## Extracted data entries
-- Opening Marker --

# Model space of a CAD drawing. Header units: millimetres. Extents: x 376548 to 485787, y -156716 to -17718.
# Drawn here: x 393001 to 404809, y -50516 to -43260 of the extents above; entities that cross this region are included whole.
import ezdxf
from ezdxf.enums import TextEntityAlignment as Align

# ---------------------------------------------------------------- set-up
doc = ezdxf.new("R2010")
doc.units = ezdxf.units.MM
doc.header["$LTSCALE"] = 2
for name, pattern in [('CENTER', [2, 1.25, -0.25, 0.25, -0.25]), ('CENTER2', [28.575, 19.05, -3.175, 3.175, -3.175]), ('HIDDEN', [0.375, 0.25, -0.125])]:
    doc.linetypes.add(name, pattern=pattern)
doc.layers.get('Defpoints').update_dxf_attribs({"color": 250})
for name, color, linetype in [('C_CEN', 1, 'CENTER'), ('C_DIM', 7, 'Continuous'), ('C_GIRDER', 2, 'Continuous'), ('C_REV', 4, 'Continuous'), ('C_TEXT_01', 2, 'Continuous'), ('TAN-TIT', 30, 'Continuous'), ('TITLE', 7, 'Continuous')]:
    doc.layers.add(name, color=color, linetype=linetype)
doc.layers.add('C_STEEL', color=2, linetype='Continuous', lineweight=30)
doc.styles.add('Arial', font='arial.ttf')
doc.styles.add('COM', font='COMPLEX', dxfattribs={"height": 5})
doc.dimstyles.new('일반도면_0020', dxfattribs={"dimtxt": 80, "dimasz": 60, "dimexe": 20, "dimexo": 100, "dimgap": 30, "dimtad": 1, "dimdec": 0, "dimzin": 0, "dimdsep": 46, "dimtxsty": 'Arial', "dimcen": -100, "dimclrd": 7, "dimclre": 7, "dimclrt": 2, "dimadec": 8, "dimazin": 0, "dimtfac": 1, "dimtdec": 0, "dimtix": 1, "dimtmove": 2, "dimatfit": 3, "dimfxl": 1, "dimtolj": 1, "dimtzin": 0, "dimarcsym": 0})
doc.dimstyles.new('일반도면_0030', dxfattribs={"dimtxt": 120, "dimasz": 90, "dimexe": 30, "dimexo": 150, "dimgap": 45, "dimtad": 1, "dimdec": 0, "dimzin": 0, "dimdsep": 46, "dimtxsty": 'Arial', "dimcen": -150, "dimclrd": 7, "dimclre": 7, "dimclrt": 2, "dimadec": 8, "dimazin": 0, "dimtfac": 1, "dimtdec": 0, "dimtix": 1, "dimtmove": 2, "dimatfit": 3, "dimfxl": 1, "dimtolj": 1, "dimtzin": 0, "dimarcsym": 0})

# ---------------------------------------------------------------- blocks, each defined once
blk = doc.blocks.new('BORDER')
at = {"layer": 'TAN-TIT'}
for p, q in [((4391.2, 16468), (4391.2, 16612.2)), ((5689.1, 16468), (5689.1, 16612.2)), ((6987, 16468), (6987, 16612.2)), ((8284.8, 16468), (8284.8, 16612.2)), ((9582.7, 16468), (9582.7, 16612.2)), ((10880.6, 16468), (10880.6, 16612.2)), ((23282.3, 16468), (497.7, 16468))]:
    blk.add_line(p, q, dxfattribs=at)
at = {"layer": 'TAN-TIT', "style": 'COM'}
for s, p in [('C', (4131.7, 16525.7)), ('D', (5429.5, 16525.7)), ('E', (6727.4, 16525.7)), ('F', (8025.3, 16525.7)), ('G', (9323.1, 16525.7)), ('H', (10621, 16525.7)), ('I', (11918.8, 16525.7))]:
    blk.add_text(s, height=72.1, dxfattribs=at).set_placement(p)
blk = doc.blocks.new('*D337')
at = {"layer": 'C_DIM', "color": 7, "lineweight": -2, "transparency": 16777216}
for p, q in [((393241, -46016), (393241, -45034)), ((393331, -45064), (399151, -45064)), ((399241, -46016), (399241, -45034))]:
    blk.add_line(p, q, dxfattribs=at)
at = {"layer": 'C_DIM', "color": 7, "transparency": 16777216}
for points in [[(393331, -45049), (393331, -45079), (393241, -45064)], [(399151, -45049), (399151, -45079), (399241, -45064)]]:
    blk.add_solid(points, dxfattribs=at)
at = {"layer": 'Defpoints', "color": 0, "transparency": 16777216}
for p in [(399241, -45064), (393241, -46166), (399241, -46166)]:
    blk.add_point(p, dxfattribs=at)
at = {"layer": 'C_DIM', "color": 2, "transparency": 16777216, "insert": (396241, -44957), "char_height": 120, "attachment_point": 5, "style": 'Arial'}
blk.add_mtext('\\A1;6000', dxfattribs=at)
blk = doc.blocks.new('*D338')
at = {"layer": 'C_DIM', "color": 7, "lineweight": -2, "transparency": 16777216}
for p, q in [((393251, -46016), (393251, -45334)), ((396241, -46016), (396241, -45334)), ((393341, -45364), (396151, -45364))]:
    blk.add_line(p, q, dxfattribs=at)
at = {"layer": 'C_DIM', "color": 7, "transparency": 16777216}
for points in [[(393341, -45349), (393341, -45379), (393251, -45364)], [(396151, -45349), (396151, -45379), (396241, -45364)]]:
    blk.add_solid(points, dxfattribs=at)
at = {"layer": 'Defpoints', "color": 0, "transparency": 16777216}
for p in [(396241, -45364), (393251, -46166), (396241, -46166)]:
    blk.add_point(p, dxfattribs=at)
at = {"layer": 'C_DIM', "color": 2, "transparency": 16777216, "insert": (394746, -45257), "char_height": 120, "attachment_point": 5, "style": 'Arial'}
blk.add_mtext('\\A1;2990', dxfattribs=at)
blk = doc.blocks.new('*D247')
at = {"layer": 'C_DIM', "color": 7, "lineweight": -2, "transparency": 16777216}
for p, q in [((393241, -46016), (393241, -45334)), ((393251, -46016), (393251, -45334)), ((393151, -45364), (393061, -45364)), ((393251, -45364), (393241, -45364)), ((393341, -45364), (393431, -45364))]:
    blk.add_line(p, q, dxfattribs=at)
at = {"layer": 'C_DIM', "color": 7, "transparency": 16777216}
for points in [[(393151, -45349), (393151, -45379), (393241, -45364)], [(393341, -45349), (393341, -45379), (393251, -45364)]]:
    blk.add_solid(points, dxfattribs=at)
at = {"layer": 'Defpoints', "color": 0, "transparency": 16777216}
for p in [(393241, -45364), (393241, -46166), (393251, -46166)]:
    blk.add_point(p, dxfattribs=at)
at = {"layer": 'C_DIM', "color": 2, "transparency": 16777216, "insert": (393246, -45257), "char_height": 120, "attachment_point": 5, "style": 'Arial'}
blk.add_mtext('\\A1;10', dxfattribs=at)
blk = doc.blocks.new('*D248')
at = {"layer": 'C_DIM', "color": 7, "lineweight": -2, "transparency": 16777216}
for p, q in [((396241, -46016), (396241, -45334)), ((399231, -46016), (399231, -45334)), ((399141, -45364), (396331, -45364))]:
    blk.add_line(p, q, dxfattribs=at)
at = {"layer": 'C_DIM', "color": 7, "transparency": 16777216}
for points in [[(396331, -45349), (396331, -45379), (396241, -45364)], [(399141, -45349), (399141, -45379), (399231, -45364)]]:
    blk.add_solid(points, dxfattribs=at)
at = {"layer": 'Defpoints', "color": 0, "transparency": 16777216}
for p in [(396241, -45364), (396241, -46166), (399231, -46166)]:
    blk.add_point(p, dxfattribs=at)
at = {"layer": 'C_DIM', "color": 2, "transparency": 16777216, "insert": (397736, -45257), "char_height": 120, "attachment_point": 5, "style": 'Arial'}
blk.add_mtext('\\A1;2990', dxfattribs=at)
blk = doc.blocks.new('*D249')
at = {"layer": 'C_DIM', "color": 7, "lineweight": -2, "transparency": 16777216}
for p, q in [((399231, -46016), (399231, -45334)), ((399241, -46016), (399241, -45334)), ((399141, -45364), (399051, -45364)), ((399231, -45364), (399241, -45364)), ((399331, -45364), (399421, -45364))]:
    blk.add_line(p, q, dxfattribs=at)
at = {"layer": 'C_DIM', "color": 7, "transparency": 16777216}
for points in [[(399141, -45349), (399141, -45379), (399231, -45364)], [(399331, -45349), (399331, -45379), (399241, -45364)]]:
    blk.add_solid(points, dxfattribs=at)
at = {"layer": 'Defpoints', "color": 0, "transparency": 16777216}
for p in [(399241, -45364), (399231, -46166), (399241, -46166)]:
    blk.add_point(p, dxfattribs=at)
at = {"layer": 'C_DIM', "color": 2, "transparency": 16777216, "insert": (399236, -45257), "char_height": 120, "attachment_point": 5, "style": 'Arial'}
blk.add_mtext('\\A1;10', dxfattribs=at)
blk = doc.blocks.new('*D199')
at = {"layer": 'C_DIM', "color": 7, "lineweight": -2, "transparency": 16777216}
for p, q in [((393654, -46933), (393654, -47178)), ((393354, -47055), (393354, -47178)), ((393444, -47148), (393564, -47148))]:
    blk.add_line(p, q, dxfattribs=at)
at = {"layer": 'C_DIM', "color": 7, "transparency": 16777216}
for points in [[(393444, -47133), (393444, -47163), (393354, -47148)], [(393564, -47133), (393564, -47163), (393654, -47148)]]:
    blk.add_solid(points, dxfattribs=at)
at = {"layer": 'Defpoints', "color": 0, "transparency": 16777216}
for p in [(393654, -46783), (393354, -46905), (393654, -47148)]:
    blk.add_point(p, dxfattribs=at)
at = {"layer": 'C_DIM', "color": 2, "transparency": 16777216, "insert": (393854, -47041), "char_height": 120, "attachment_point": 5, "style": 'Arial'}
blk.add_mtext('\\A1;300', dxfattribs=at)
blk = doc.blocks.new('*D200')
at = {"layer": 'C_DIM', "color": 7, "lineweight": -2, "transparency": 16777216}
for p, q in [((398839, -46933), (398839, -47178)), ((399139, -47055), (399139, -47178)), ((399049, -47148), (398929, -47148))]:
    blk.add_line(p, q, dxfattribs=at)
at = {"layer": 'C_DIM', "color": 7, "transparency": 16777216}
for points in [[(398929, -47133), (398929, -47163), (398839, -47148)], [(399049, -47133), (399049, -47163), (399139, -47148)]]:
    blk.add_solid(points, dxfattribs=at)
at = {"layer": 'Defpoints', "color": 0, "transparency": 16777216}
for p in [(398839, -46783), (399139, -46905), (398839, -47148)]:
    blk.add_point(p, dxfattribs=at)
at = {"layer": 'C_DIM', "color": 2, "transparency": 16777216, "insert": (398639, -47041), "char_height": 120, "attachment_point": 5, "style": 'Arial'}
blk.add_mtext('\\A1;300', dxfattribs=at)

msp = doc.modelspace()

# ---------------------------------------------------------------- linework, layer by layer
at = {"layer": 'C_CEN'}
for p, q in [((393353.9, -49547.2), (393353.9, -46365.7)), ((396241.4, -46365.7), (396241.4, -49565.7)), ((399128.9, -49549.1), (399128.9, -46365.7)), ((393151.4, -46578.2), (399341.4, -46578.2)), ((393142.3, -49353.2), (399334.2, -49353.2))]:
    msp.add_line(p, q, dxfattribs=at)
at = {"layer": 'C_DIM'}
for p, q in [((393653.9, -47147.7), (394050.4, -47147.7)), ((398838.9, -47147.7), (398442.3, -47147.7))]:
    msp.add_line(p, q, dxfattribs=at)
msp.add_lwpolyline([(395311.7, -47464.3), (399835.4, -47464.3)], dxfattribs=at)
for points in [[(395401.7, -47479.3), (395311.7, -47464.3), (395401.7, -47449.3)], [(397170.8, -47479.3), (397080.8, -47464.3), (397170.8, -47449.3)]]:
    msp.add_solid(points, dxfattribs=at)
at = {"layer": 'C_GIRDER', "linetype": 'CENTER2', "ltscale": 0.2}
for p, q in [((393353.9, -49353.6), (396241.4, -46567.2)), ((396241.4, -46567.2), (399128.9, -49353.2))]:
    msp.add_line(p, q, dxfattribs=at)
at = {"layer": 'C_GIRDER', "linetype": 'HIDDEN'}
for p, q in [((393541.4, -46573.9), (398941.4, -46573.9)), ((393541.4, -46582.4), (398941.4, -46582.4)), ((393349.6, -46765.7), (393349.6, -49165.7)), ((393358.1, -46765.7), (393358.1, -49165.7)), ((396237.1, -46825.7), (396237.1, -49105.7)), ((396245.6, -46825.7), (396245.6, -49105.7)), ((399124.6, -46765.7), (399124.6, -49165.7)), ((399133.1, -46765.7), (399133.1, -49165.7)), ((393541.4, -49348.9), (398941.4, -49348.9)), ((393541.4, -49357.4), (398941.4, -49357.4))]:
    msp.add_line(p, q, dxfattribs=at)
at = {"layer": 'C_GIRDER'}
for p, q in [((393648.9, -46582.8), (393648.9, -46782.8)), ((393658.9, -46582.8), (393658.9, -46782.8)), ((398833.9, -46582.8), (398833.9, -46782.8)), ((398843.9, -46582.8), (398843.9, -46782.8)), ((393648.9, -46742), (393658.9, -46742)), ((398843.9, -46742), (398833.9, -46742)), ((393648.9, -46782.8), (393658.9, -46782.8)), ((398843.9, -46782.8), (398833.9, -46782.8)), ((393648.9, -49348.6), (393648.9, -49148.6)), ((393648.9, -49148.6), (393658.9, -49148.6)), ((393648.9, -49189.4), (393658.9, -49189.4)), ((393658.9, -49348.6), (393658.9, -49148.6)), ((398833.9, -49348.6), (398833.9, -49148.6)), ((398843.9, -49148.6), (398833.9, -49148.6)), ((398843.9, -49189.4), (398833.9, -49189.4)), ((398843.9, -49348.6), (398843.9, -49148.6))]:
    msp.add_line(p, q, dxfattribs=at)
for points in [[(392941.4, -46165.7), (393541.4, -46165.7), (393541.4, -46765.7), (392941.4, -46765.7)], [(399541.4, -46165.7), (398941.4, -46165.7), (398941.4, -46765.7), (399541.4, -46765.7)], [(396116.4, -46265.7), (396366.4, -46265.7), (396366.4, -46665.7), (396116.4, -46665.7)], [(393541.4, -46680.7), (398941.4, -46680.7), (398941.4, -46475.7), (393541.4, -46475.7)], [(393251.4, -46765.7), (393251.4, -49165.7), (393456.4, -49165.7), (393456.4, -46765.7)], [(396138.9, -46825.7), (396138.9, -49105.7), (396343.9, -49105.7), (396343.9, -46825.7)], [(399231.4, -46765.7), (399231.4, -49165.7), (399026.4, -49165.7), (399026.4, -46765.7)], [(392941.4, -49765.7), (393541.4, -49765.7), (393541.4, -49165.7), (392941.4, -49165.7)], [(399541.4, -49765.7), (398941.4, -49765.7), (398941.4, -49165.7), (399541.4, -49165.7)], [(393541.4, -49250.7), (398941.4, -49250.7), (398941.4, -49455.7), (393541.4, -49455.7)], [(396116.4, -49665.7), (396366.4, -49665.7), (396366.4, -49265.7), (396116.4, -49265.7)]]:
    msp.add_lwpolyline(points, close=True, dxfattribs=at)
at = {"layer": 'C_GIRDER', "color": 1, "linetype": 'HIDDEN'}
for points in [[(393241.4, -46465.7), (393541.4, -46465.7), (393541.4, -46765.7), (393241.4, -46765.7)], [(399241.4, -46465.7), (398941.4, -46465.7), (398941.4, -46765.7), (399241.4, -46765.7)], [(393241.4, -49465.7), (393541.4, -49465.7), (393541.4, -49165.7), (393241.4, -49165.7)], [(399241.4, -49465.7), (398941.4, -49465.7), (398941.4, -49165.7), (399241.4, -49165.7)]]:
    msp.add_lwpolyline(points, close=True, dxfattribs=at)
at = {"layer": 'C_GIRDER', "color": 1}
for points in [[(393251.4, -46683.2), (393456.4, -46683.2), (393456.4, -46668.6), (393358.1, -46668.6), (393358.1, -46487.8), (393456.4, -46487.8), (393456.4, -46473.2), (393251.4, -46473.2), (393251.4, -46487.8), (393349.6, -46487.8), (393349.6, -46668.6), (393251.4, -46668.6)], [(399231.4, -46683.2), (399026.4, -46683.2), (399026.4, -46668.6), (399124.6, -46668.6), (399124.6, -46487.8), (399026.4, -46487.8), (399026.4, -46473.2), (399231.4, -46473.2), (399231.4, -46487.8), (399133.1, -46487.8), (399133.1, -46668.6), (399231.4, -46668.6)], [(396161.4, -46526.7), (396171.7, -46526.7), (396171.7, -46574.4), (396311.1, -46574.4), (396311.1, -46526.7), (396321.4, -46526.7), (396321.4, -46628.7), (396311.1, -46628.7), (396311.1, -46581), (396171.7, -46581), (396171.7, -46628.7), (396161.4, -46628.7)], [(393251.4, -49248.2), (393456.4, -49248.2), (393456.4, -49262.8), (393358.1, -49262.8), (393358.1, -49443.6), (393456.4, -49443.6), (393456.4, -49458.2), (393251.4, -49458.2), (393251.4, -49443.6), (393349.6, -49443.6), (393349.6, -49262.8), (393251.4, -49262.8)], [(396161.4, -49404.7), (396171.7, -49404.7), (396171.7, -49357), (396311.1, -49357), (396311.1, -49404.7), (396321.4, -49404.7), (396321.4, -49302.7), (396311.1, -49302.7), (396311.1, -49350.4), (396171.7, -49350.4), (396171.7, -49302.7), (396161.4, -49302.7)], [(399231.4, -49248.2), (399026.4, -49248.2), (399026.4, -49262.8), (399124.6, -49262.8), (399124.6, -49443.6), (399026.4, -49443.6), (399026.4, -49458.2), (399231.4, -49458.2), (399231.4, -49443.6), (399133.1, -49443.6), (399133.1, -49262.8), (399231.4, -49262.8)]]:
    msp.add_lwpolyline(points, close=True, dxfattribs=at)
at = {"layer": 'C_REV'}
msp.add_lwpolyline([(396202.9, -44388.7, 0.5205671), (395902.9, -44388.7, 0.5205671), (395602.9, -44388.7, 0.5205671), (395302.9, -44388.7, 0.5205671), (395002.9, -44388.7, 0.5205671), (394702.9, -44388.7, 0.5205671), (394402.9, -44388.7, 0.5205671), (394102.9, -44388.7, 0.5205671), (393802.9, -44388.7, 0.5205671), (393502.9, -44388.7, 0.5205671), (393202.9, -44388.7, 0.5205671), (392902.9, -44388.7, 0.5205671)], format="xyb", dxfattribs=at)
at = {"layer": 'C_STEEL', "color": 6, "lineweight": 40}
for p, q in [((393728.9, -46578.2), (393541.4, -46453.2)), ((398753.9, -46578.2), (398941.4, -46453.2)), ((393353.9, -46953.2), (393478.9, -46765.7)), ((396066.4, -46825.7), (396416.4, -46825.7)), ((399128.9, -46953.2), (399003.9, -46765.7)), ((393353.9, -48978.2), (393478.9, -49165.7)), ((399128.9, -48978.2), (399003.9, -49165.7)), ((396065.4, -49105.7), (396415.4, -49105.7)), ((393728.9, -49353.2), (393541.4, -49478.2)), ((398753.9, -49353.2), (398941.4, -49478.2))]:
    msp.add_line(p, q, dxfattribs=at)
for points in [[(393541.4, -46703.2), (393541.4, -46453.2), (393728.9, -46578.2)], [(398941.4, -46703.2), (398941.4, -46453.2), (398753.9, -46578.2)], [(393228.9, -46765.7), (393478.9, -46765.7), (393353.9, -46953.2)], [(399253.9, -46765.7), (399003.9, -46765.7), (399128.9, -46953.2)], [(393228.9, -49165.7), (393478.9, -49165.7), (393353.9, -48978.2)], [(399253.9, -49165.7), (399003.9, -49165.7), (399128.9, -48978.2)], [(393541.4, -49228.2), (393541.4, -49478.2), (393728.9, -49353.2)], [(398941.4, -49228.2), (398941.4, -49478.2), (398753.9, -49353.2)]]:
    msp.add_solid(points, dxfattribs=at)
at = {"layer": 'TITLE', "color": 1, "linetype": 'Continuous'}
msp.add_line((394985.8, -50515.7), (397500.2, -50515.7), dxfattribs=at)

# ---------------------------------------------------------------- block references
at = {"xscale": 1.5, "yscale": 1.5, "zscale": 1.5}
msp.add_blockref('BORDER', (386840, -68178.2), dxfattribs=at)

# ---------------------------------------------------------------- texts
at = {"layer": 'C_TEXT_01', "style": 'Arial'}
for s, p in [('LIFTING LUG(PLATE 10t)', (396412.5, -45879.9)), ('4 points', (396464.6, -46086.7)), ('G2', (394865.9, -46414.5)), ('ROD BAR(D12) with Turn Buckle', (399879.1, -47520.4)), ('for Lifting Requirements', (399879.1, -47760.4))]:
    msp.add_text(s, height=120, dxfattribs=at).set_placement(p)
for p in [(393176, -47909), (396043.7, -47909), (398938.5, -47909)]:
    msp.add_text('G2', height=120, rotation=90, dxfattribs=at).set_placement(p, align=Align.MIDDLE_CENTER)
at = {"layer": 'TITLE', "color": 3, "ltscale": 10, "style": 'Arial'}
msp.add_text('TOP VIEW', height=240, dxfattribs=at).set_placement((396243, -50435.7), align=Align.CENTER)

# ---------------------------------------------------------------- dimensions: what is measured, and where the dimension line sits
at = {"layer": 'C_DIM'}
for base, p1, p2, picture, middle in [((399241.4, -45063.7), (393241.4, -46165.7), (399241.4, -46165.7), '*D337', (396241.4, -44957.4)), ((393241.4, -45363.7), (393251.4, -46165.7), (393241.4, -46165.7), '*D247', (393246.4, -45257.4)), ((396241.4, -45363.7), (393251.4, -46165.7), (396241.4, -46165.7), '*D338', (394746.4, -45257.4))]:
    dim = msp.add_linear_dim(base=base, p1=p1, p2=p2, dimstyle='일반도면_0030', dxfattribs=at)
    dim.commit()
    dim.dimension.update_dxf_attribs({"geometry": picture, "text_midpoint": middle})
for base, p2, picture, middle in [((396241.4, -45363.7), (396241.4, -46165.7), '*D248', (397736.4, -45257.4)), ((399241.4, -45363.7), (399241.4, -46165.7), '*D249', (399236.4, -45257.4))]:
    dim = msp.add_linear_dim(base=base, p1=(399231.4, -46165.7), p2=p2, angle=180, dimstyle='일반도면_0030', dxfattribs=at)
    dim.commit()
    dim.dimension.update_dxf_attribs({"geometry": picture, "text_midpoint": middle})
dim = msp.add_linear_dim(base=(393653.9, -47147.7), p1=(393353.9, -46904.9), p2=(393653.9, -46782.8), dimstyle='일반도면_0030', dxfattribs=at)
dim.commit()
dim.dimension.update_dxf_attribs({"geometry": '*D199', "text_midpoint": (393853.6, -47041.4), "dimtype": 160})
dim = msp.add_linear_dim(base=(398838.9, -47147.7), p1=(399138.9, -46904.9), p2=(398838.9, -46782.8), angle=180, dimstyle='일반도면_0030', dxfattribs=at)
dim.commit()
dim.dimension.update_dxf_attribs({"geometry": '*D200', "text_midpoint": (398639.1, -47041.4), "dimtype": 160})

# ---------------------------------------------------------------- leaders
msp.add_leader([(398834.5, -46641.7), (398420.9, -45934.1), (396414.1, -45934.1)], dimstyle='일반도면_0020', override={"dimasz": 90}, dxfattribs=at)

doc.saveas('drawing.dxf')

-- Closing Marker --

## TASK OBJECTIVE
Retype the records above exactly, from their first line through the line that contains "from ezdxf.enums import", and stop there.

## OUTPUT BELOW
# Model space of a CAD drawing. Header units: millimetres. Extents: x 376548 to 485787, y -156716 to -17718.
# Drawn here: x 393001 to 404809, y -50516 to -43260 of the extents above; entities that cross this region are included whole.
import ezdxf
from ezdxf.enums import TextEntityAlignment as Align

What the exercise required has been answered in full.